パワー層が個人で自由に使える金額

パワー層と、一般層のお金事情を比較してみたところ(図表4)、パワー層の1カ月の生活費(税込)平均は44.7万円、一般層は25.6万円であり19.1万円の開きがありました。

【図表4】1カ月の生活費(税込)
出典=『なぜ日本人は、それを選ぶのか?』(朝日新書)

また、パワー層が1カ月に自由に使える個人のお金(税込)平均は18.4万円、一般層は8.2万円であり、こちらも10.2万円の開きがあります。

パワー層は生活費が1.7倍多く、自由に使える個人のお金も2.2倍多いことから、この差が豊かな購買力の高さにつながっていることがうかがえます。

貯蓄に関して、パワー層の収入に対する貯蓄割合は26.0%、一般層は14.4%であり両者に11.6ポイントの差がありました。
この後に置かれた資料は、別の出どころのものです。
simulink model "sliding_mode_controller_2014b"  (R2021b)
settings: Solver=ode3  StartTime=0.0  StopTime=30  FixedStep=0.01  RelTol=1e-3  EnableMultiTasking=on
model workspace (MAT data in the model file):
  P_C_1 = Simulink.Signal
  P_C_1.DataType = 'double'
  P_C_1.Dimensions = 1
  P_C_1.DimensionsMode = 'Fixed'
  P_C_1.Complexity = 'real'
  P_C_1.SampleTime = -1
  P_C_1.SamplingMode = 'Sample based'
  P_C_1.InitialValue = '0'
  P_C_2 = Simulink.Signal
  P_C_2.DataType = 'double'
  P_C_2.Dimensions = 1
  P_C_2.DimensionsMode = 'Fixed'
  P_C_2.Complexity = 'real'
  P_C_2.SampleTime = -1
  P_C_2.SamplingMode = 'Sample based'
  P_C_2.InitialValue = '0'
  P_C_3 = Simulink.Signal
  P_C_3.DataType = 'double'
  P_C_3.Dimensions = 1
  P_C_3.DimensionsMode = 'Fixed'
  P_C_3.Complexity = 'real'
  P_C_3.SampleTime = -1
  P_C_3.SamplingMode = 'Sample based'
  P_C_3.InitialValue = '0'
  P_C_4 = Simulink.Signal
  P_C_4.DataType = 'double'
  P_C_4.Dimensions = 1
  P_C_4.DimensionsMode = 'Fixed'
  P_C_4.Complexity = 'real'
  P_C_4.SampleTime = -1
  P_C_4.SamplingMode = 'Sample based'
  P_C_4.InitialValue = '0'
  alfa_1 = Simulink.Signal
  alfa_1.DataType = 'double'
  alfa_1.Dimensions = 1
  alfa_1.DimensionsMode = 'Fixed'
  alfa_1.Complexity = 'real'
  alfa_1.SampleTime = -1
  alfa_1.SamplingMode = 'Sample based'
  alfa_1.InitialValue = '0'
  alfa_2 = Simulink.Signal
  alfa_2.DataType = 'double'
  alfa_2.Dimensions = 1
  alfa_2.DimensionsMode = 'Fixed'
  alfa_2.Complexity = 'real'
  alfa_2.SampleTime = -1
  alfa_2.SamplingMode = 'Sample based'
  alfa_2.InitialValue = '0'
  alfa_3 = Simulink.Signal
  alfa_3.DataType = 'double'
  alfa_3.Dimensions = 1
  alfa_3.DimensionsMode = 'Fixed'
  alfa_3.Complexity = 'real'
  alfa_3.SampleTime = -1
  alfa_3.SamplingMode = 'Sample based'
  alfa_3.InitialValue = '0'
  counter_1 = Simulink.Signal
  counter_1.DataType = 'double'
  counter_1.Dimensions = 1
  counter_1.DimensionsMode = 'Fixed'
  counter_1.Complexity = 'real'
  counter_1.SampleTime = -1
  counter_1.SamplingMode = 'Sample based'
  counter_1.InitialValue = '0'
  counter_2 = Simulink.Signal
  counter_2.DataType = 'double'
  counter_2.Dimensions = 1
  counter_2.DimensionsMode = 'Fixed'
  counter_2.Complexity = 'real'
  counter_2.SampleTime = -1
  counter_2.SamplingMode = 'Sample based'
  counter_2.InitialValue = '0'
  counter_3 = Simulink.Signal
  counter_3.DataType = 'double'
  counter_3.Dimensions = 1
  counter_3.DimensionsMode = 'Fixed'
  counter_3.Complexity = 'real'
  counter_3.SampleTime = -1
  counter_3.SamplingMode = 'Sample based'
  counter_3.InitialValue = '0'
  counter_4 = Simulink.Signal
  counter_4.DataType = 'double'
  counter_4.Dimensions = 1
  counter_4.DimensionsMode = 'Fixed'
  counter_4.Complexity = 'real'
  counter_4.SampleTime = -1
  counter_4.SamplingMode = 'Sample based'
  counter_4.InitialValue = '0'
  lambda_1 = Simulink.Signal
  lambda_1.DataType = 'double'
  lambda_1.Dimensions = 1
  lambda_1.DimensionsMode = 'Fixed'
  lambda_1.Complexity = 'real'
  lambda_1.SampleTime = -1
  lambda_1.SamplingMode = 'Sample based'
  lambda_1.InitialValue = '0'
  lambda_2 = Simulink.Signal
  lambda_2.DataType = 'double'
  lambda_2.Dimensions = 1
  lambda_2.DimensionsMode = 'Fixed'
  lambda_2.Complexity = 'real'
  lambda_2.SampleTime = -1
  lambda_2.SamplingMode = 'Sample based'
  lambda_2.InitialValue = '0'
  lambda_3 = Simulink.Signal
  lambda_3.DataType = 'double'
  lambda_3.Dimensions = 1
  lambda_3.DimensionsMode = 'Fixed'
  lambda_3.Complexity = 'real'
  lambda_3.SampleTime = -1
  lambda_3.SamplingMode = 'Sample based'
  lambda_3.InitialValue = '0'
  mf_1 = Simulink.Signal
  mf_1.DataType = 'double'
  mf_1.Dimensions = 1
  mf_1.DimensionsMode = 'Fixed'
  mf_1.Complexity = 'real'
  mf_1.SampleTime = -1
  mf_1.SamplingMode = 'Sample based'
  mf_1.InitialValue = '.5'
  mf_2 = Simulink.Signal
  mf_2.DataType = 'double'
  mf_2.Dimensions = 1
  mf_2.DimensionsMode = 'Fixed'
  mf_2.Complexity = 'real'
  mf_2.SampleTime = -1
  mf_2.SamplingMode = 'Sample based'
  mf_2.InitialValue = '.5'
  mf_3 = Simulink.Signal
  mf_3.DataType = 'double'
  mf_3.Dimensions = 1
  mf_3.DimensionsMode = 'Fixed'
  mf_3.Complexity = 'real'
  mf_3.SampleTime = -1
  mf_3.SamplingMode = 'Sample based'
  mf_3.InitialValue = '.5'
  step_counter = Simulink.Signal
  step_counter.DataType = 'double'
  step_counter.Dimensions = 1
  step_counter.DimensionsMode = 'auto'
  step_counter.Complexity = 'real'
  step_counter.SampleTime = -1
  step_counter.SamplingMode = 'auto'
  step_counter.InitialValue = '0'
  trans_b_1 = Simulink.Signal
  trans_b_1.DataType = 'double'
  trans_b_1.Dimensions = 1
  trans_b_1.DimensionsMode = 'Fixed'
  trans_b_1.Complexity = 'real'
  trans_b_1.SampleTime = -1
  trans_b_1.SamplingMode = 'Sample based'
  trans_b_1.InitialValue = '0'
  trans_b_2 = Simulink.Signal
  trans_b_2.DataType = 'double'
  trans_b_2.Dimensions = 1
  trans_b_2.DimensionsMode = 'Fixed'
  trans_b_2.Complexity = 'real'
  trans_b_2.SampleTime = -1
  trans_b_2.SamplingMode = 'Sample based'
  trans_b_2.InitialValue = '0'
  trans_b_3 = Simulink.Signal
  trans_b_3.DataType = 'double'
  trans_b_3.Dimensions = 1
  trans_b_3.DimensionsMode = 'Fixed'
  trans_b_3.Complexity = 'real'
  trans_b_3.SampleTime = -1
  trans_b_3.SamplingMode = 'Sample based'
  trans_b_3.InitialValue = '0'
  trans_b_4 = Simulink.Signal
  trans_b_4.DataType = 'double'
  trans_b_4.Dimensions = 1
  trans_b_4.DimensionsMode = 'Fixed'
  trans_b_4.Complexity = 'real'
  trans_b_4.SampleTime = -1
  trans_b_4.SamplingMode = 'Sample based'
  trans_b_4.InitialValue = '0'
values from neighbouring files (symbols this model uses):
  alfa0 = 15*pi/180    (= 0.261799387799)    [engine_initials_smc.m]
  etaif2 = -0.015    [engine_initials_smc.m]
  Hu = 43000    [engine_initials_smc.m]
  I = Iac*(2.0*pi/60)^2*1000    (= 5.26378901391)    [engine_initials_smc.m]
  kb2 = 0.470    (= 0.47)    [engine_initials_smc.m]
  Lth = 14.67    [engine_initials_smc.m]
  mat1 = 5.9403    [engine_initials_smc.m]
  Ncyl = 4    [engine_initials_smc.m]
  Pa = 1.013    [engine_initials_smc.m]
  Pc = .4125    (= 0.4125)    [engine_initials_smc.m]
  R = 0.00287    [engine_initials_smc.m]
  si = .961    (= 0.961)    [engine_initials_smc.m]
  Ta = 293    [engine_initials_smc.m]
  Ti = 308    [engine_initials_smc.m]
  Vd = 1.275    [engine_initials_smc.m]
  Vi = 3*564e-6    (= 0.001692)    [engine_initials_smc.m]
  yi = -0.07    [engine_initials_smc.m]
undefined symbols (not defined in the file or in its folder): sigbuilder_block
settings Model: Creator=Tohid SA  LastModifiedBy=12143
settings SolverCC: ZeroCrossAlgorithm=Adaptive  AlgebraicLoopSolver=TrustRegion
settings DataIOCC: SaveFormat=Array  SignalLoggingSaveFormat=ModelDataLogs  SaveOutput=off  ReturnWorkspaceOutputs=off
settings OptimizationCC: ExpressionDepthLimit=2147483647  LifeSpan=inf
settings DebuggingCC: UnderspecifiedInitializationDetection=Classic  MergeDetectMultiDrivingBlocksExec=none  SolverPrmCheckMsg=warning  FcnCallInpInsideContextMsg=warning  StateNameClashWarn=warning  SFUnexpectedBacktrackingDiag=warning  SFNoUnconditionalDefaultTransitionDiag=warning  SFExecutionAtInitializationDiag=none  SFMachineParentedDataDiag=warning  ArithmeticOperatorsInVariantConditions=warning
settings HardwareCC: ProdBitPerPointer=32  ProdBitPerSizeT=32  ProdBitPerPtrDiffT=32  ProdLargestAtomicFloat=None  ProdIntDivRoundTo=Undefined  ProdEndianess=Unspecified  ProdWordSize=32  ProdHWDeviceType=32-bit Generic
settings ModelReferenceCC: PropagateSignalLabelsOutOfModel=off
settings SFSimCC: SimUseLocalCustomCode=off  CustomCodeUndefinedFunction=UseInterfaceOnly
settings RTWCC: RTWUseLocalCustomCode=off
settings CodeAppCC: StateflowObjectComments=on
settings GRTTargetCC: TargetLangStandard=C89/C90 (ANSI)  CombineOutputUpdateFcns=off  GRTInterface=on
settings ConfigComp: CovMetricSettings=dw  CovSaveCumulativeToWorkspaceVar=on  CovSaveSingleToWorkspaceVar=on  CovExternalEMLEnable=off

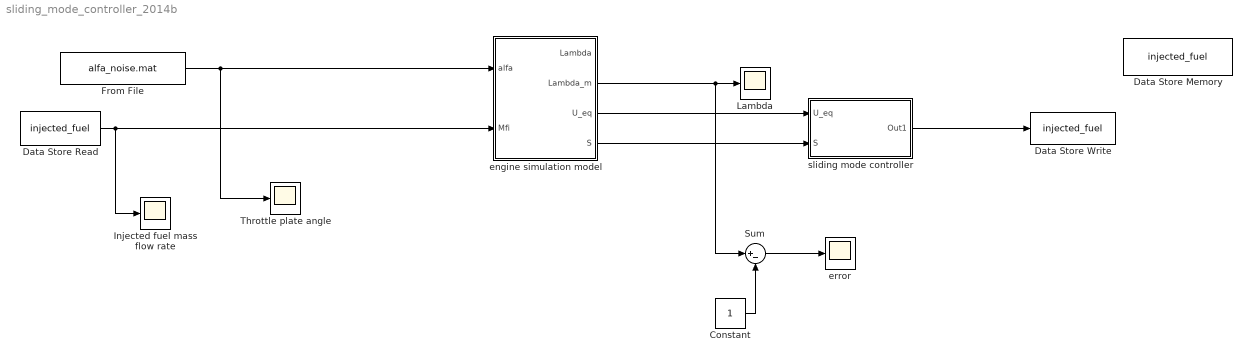
== system sliding_mode_controller_2014b ==
  Constant : Constant
  Data Store Memory : DataStoreMemory  DataStoreName=injected_fuel  ReadBeforeWriteMsg=warning  WriteAfterWriteMsg=warning  WriteAfterReadMsg=warning  InitialValue=0.0079  ShowAdditionalParam=off
  Data Store Read : DataStoreRead  DataStoreName=injected_fuel  IndexOptions=Index vector (dialog)  Indices=1  OutputSizes=1
  Data Store Write : DataStoreWrite  DataStoreName=injected_fuel  IndexOptions=Index vector (dialog)  Indices=1  OutputSizes=1
  From File : FromFile  FileName=alfa_noise.mat
  Injected fuel mass flow rate : Scope
  Lambda : Scope
  Sum : Sum  Inputs=|+-
  Throttle plate angle : Scope
  engine simulation model : Subsystem
  error : Scope
  sliding mode controller : Subsystem
  wires:
  engine simulation model/3(U_eq) -> sliding mode controller/1(U_eq)
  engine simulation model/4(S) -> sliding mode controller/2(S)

貯蓄目的を調べると、パワー層と一般層の差が顕著だったのは「資産運用や投資のための資金(18.1ポイント差)」、「旅行のための資金(11.6ポイント差)」、「老後の資金(9.6ポイント差)」であり、逆に一般層の回答比率が高かったのは、「生活のための資金(生活費の補填)(▲8.5ポイント差)」、「子どもの教育資金(▲5.2ポイント差)」でした(図表5)。

【図表5】貯蓄の目的
出典=『なぜ日本人は、それを選ぶのか?』(朝日新書)

パワー層では投資や娯楽を目的とした貯蓄、一般層では生活や教育にかかる資金のために貯蓄をしている姿が見えました。

パワー層が求める商品の価値観

この回ではお金/購買力をテーマとして、生活者調査のデータを基に、日本人の貯蓄・投資傾向、購買力の高い層(富裕層・パワーファミリー)の実態を見てきました。

この10年、日本の家計は「貯蓄から投資へ」。若年層で投資参加が急伸し、年代差は縮小してきています。

全体は“全世代投資”へシフトしたと言えるでしょう。他方では、高齢層の一部は手仕舞い傾向が見え、運用姿勢の二極化が進むと考えられます。

次に購買力の高い層を見ると、富裕層は京浜の都心部集中。招待制のブランドイベントや外商サロン、別荘滞在など“限定性×体験”に価値を置き、商品選択への強い「こだわり」、自分の快楽や成長など「自分軸」への投資、他者との違いや同じ富裕層同士の「ステータス志向」が購買へのスイッチになっています。

パワーファミリーは共働きであるがゆえ、ロボット掃除機や乾燥機、代行サービスなどタイパ投資が進み、余暇は旅行や自己研鑽に配分している姿が見て取れました。

家事や子育ては夫婦協力型で、家電・サービスに“段取りの良さ”を求める傾向が強いことがわかりました。